After graduation, Hudner served as a communications officer aboard several surface ships. During his initial years in the military, Hudner said he had no interest in aircraft. After a one-year tour of duty aboard the Baltimore-class heavy cruiser , which was operating off the coast of Taiwan, he transferred to a post as a communications officer at the Naval Base Pearl Harbor where he served for another year. By 1948, Hudner became interested in aviation, and applied to flight school, seeing it as "a new challenge". He was accepted into Naval Air Station Pensacola in Pensacola, Florida, where he completed basic flight training, and was transferred to Naval Air Station Corpus Christi in Texas, where he completed advanced flight training and qualified as a naval aviator in August 1949. After a brief posting in Lebanon, Hudner was assigned to VF-32 aboard the aircraft carrier , piloting the F4U Corsair. He later said he enjoyed this assignment, as he considered the Corsair to be "safe and comfortable".

=== Korean War ===
On the night of June 25, 1950, the North Korean People's Army launched a full-scale invasion of its neighbor to the south, the Republic of Korea. It caught the Republic of Korea Army by surprise, resulting in a rout. To prevent South Korea's collapse, the United Nations Security Council voted to send military forces.

The United States Seventh Fleet dispatched Task Force 77 to provide air and naval support. All United States Navy units and ships were placed on alert. Leyte was in the Mediterranean Sea, and Hudner did not expect to be deployed to Korea, but on August 8, a relief carrier arrived, and Leyte was ordered to Korea. Naval commanders felt the VF-32 pilots on Leyte were better trained and prepared than those of other available carriers, so they were among the first dispatched to the theater. Leyte sailed across the Atlantic Ocean, through the Panama Canal and arrived in the waters off Korea around October 8. The ship joined Task Force 77 off the northeast coast of the Korean Peninsula.

Hudner flew 20 missions. These missions included attacks on communication lines, troop concentrations, and military installations around Wonsan, Chongpu, Songjim, and Senanju.

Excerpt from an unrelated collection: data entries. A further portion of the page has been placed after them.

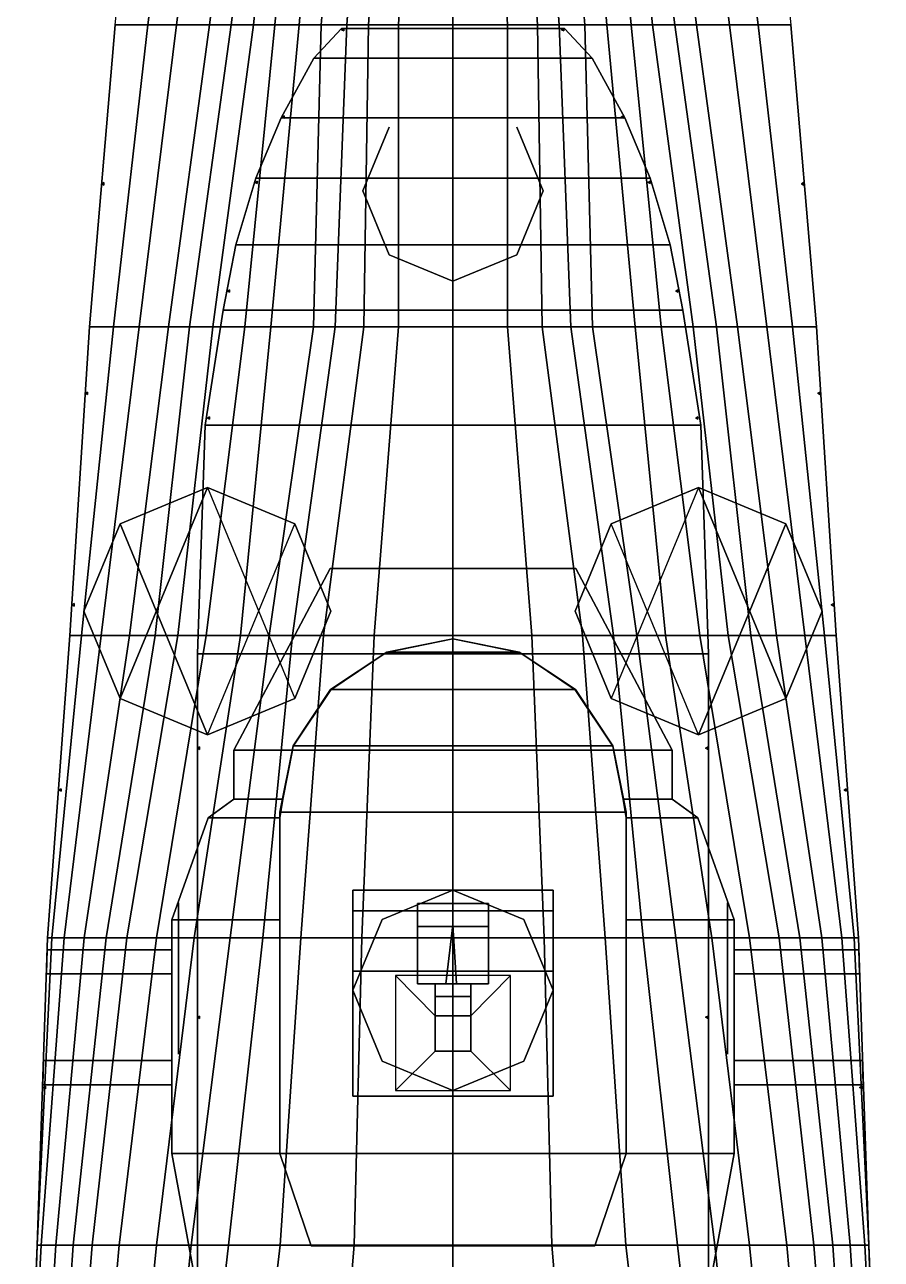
# Model space of a CAD drawing. Extents: x -6 to 6, y -57 to 57.
# Drawn here: x -6.04 to 6.04, y 16.79 to 34.18 of the extents above; entities that cross this region are included whole.
import ezdxf

# ---------------------------------------------------------------- set-up
doc = ezdxf.new("R2010")
doc.units = 0
doc.layers.get('0').update_dxf_attribs({"linetype": 'CONTINUOUS'})

msp = doc.modelspace()

# ---------------------------------------------------------------- linework, layer by layer
for points in [[(-4.317, 38.469, 5.291), (-3.747, 38.469, 4.002), (-4.301, 34.182, 4.002), (-4.762, 34.182, 5.058)], [(-3.747, 38.469, 4.002), (-3.339, 38.469, 2.879), (-3.898, 34.182, 2.879), (-4.301, 34.182, 4.002)], [(-3.339, 38.469, 2.879), (-2.888, 38.469, 1.285), (-3.432, 34.182, 1.285), (-3.898, 34.182, 2.879)], [(-2.888, 38.469, 1.285), (-2.578, 38.469, -0.066), (-3.126, 34.182, -0.066), (-3.432, 34.182, 1.285)], [(-2.578, 38.469, -0.066), (-2.355, 38.469, -0.987), (-2.811, 34.182, -0.987), (-3.126, 34.182, -0.066)], [(-2.355, 38.469, -0.987), (-2.081, 38.469, -1.826), (-2.51, 34.182, -1.826), (-2.811, 34.182, -0.987)], [(-2.081, 38.469, -1.826), (-1.791, 38.469, -2.421), (-2.169, 34.182, -2.421), (-2.51, 34.182, -1.826)], [(-1.791, 38.469, -2.421), (-1.501, 38.469, -2.902), (-1.858, 34.182, -2.902), (-2.169, 34.182, -2.421)], [(-1.501, 38.469, -2.902), (-1.185, 38.469, -3.275), (-1.496, 34.182, -3.275), (-1.858, 34.182, -2.902)], [(-1.185, 38.469, -3.275), (-0.911, 38.469, -3.534), (-1.19, 34.182, -3.534), (-1.496, 34.182, -3.275)], [(-0.911, 38.469, -3.534), (-0.543, 38.469, -3.798), (-0.766, 34.182, -3.798), (-1.19, 34.182, -3.534)], [(0, 34.182, -3.974), (-0.766, 34.182, -3.798), (-0.543, 38.469, -3.798), (0, 38.469, -3.974)], [(0, 38.469, -3.974), (0.543, 38.469, -3.798), (0.766, 34.182, -3.798), (0, 34.182, -3.974)], [(1.19, 34.182, -3.534), (0.766, 34.182, -3.798), (0.543, 38.469, -3.798), (0.911, 38.469, -3.534)], [(1.496, 34.182, -3.275), (1.19, 34.182, -3.534), (0.911, 38.469, -3.534), (1.185, 38.469, -3.275)], [(1.858, 34.182, -2.902), (1.496, 34.182, -3.275), (1.185, 38.469, -3.275), (1.501, 38.469, -2.902)], [(2.169, 34.182, -2.421), (1.858, 34.182, -2.902), (1.501, 38.469, -2.902), (1.791, 38.469, -2.421)], [(2.51, 34.182, -1.826), (2.169, 34.182, -2.421), (1.791, 38.469, -2.421), (2.081, 38.469, -1.826)], [(2.811, 34.182, -0.987), (2.51, 34.182, -1.826), (2.081, 38.469, -1.826), (2.355, 38.469, -0.987)], [(3.126, 34.182, -0.066), (2.811, 34.182, -0.987), (2.355, 38.469, -0.987), (2.578, 38.469, -0.066)], [(3.432, 34.182, 1.285), (3.126, 34.182, -0.066), (2.578, 38.469, -0.066), (2.888, 38.469, 1.285)], [(3.898, 34.182, 2.879), (3.432, 34.182, 1.285), (2.888, 38.469, 1.285), (3.339, 38.469, 2.879)], [(4.301, 34.182, 4.002), (3.898, 34.182, 2.879), (3.339, 38.469, 2.879), (3.747, 38.469, 4.002)], [(4.762, 34.182, 5.058), (4.301, 34.182, 4.002), (3.747, 38.469, 4.002), (4.317, 38.469, 5.291)], [(-4.762, 34.182, 5.058), (-4.301, 34.182, 4.002), (-4.783, 29.924, 4.002), (-5.124, 29.924, 4.846)], [(4.762, 34.182, 5.058), (-4.762, 34.182, 5.058), (-5.124, 29.924, 4.846), (5.124, 29.924, 4.846)], [(-4.301, 34.182, 4.002), (-3.898, 34.182, 2.879), (-4.42, 29.924, 2.879), (-4.783, 29.924, 4.002)], [(-3.898, 34.182, 2.879), (-3.432, 34.182, 1.285), (-4.011, 29.924, 1.285), (-4.42, 29.924, 2.879)], [(-3.432, 34.182, 1.285), (-3.126, 34.182, -0.066), (-3.711, 29.924, -0.066), (-4.011, 29.924, 1.285)], [(-3.126, 34.182, -0.066), (-2.811, 34.182, -0.987), (-3.385, 29.924, -0.987), (-3.711, 29.924, -0.066)], [(-2.811, 34.182, -0.987), (-2.51, 34.182, -1.826), (-2.935, 29.924, -1.826), (-3.385, 29.924, -0.987)], [(-2.51, 34.182, -1.826), (-2.169, 34.182, -2.421), (-2.567, 29.924, -2.421), (-2.935, 29.924, -1.826)], [(-2.169, 34.182, -2.421), (-1.858, 34.182, -2.902), (-1.967, 29.924, -3.027), (-2.567, 29.924, -2.421)], [(-1.858, 34.182, -2.902), (-1.496, 34.182, -3.275), (-1.661, 29.924, -3.275), (-1.967, 29.924, -3.027)], [(-1.57, 34.13, 7.11), (-1.57, 34.13, 5.05), (-1.96, 33.71, 5.03), (-1.96, 33.71, 7.11)], [(1.96, 33.71, 7.11), (1.57, 34.13, 7.11), (-1.57, 34.13, 7.11), (-1.96, 33.71, 7.11)], [(-1.496, 34.182, -3.275), (-1.19, 34.182, -3.534), (-1.258, 29.924, -3.534), (-1.661, 29.924, -3.275)], [(1.57, 34.13, 7.11), (1.57, 34.13, 5.05), (-1.57, 34.13, 5.05), (-1.57, 34.13, 7.11)], [(-1.54, 34.127, 7.11), (-1.57, 34.11, 7.11), (-1.57, 34.11, 8.11), (-1.54, 34.127, 8.11)], [(-1.57, 34.11, 7.11), (-1.54, 34.093, 7.11), (-1.54, 34.093, 8.11), (-1.57, 34.11, 8.11)], [(-1.54, 34.093, 7.11), (-1.54, 34.127, 7.11), (-1.54, 34.127, 8.11), (-1.54, 34.093, 8.11)], [(-1.19, 34.182, -3.534), (-0.766, 34.182, -3.798), (-0.766, 29.924, -3.798), (-1.258, 29.924, -3.534)], [(0, 29.924, -3.974), (-0.766, 29.924, -3.798), (-0.766, 34.182, -3.798), (0, 34.182, -3.974)], [(0, 34.182, -3.974), (0.766, 34.182, -3.798), (0.766, 29.924, -3.798), (0, 29.924, -3.974)], [(1.258, 29.924, -3.534), (0.766, 29.924, -3.798), (0.766, 34.182, -3.798), (1.19, 34.182, -3.534)], [(1.661, 29.924, -3.275), (1.258, 29.924, -3.534), (1.19, 34.182, -3.534), (1.496, 34.182, -3.275)], [(1.967, 29.924, -3.027), (1.661, 29.924, -3.275), (1.496, 34.182, -3.275), (1.858, 34.182, -2.902)], [(1.56, 34.127, 7.11), (1.53, 34.11, 7.11), (1.53, 34.11, 8.11), (1.56, 34.127, 8.11)], [(1.53, 34.11, 7.11), (1.56, 34.093, 7.11), (1.56, 34.093, 8.11), (1.53, 34.11, 8.11)], [(1.56, 34.093, 7.11), (1.56, 34.127, 7.11), (1.56, 34.127, 8.11), (1.56, 34.093, 8.11)], [(1.96, 33.71, 5.03), (1.57, 34.13, 5.05), (1.57, 34.13, 7.11), (1.96, 33.71, 7.11)], [(2.567, 29.924, -2.421), (1.967, 29.924, -3.027), (1.858, 34.182, -2.902), (2.169, 34.182, -2.421)], [(2.935, 29.924, -1.826), (2.567, 29.924, -2.421), (2.169, 34.182, -2.421), (2.51, 34.182, -1.826)], [(3.385, 29.924, -0.987), (2.935, 29.924, -1.826), (2.51, 34.182, -1.826), (2.811, 34.182, -0.987)], [(3.711, 29.924, -0.066), (3.385, 29.924, -0.987), (2.811, 34.182, -0.987), (3.126, 34.182, -0.066)], [(4.011, 29.924, 1.285), (3.711, 29.924, -0.066), (3.126, 34.182, -0.066), (3.432, 34.182, 1.285)], [(4.42, 29.924, 2.879), (4.011, 29.924, 1.285), (3.432, 34.182, 1.285), (3.898, 34.182, 2.879)], [(4.783, 29.924, 4.002), (4.42, 29.924, 2.879), (3.898, 34.182, 2.879), (4.301, 34.182, 4.002)], [(5.124, 29.924, 4.846), (4.783, 29.924, 4.002), (4.301, 34.182, 4.002), (4.762, 34.182, 5.058)], [(2.42, 32.87, 7.11), (1.96, 33.71, 7.11), (-1.96, 33.71, 7.11), (-2.42, 32.87, 7.11)], [(-1.96, 33.71, 7.11), (-1.96, 33.71, 5.03), (-2.42, 32.87, 4.99), (-2.42, 32.87, 7.11)], [(2.42, 32.87, 4.99), (1.96, 33.71, 5.03), (1.96, 33.71, 7.11), (2.42, 32.87, 7.11)], [(-2.38, 32.897, 7.11), (-2.41, 32.88, 7.11), (-2.41, 32.88, 8.11), (-2.38, 32.897, 8.11)], [(-2.41, 32.88, 7.11), (-2.38, 32.863, 7.11), (-2.38, 32.863, 8.11), (-2.41, 32.88, 8.11)], [(-2.38, 32.863, 7.11), (-2.38, 32.897, 7.11), (-2.38, 32.897, 8.11), (-2.38, 32.863, 8.11)], [(2.4, 32.897, 7.11), (2.37, 32.88, 7.11), (2.37, 32.88, 8.11), (2.4, 32.897, 8.11)], [(2.37, 32.88, 7.11), (2.4, 32.863, 7.11), (2.4, 32.863, 8.11), (2.37, 32.88, 8.11)], [(2.4, 32.863, 7.11), (2.4, 32.897, 7.11), (2.4, 32.897, 8.11), (2.4, 32.863, 8.11)], [(2.78, 32.02, 7.11), (2.42, 32.87, 7.11), (-2.42, 32.87, 7.11), (-2.78, 32.02, 7.11)], [(-2.42, 32.87, 7.11), (-2.42, 32.87, 4.99), (-2.78, 32.02, 4.95), (-2.78, 32.02, 7.11)], [(-0.898, 32.738, 7.11), (-1.27, 31.84, 7.08), (-1.27, 31.84, 7.11), (-0.898, 32.738, 7.11)], [(1.27, 31.84, 7.08), (0.898, 32.738, 7.11), (0.898, 32.738, 7.11), (1.27, 31.84, 7.11)], [(2.78, 32.02, 4.95), (2.42, 32.87, 4.99), (2.42, 32.87, 7.11), (2.78, 32.02, 7.11)], [(3.06, 31.08, 7.04), (2.78, 32.02, 7.11), (-2.78, 32.02, 7.11), (-3.06, 31.08, 7.04)], [(-2.78, 32.02, 7.11), (-2.78, 32.02, 4.95), (-3.06, 31.08, 4.9), (-3.06, 31.08, 7.04)], [(3.06, 31.08, 4.9), (2.78, 32.02, 4.95), (2.78, 32.02, 7.11), (3.06, 31.08, 7.04)], [(-4.92, 31.957, 4.94), (-4.95, 31.94, 4.94), (-4.95, 31.94, 5.94), (-4.92, 31.957, 5.94)], [(-4.95, 31.94, 4.94), (-4.92, 31.923, 4.94), (-4.92, 31.923, 5.94), (-4.95, 31.94, 5.94)], [(-4.92, 31.923, 4.94), (-4.92, 31.957, 4.94), (-4.92, 31.957, 5.94), (-4.92, 31.923, 5.94)], [(-2.76, 31.977, 7.1), (-2.79, 31.96, 7.1), (-2.79, 31.96, 8.1), (-2.76, 31.977, 8.1)], [(-2.79, 31.96, 7.1), (-2.76, 31.943, 7.1), (-2.76, 31.943, 8.1), (-2.79, 31.96, 8.1)], [(-2.76, 31.943, 7.1), (-2.76, 31.977, 7.1), (-2.76, 31.977, 8.1), (-2.76, 31.943, 8.1)], [(-1.27, 31.84, 7.08), (-0.898, 30.942, 7.03), (-0.898, 30.942, 7.11), (-1.27, 31.84, 7.11)], [(0.898, 30.942, 7.03), (1.27, 31.84, 7.08), (1.27, 31.84, 7.11), (0.898, 30.942, 7.11)], [(2.78, 31.977, 7.1), (2.75, 31.96, 7.1), (2.75, 31.96, 8.1), (2.78, 31.977, 8.1)], [(2.75, 31.96, 7.1), (2.78, 31.943, 7.1), (2.78, 31.943, 8.1), (2.75, 31.96, 8.1)], [(2.78, 31.943, 7.1), (2.78, 31.977, 7.1), (2.78, 31.977, 8.1), (2.78, 31.943, 8.1)], [(4.94, 31.957, 4.94), (4.91, 31.94, 4.94), (4.91, 31.94, 5.94), (4.94, 31.957, 5.94)], [(4.91, 31.94, 4.94), (4.94, 31.923, 4.94), (4.94, 31.923, 5.94), (4.91, 31.94, 5.94)], [(4.94, 31.923, 4.94), (4.94, 31.957, 4.94), (4.94, 31.957, 5.94), (4.94, 31.923, 5.94)], [(3.24, 30.16, 7), (3.06, 31.08, 7.04), (-3.06, 31.08, 7.04), (-3.24, 30.16, 7)], [(-3.06, 31.08, 7.04), (-3.06, 31.08, 4.9), (-3.24, 30.16, 4.85), (-3.24, 30.16, 7)], [(3.24, 30.16, 4.85), (3.06, 31.08, 4.9), (3.06, 31.08, 7.04), (3.24, 30.16, 7)], [(-0.898, 30.942, 7.03), (0, 30.57, 7.01), (0, 30.57, 7.11), (-0.898, 30.942, 7.11)], [(0, 30.57, 7.01), (0.898, 30.942, 7.03), (0.898, 30.942, 7.11), (0, 30.57, 7.11)], [(-3.15, 30.447, 7.01), (-3.18, 30.43, 7.01), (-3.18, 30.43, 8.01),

United Nations (UN) forces defeated the North Koreans and advanced into North Korea. With its ally in danger of collapse, the People's Republic of China entered the war in October. The surprised, outnumbered UN forces had to fight desperately for survival. Almost 100,000 Chinese troops surrounded 15,000 American troops in the vicinity of the Chosin Reservoir. In the Battle of Chosin Reservoir, Hudner and his squadron were dispatched to provide close air support for the American X Corps against the Chinese People's Volunteer Army's 9th Army. The pilots on Leyte were flying dozens of missions every day.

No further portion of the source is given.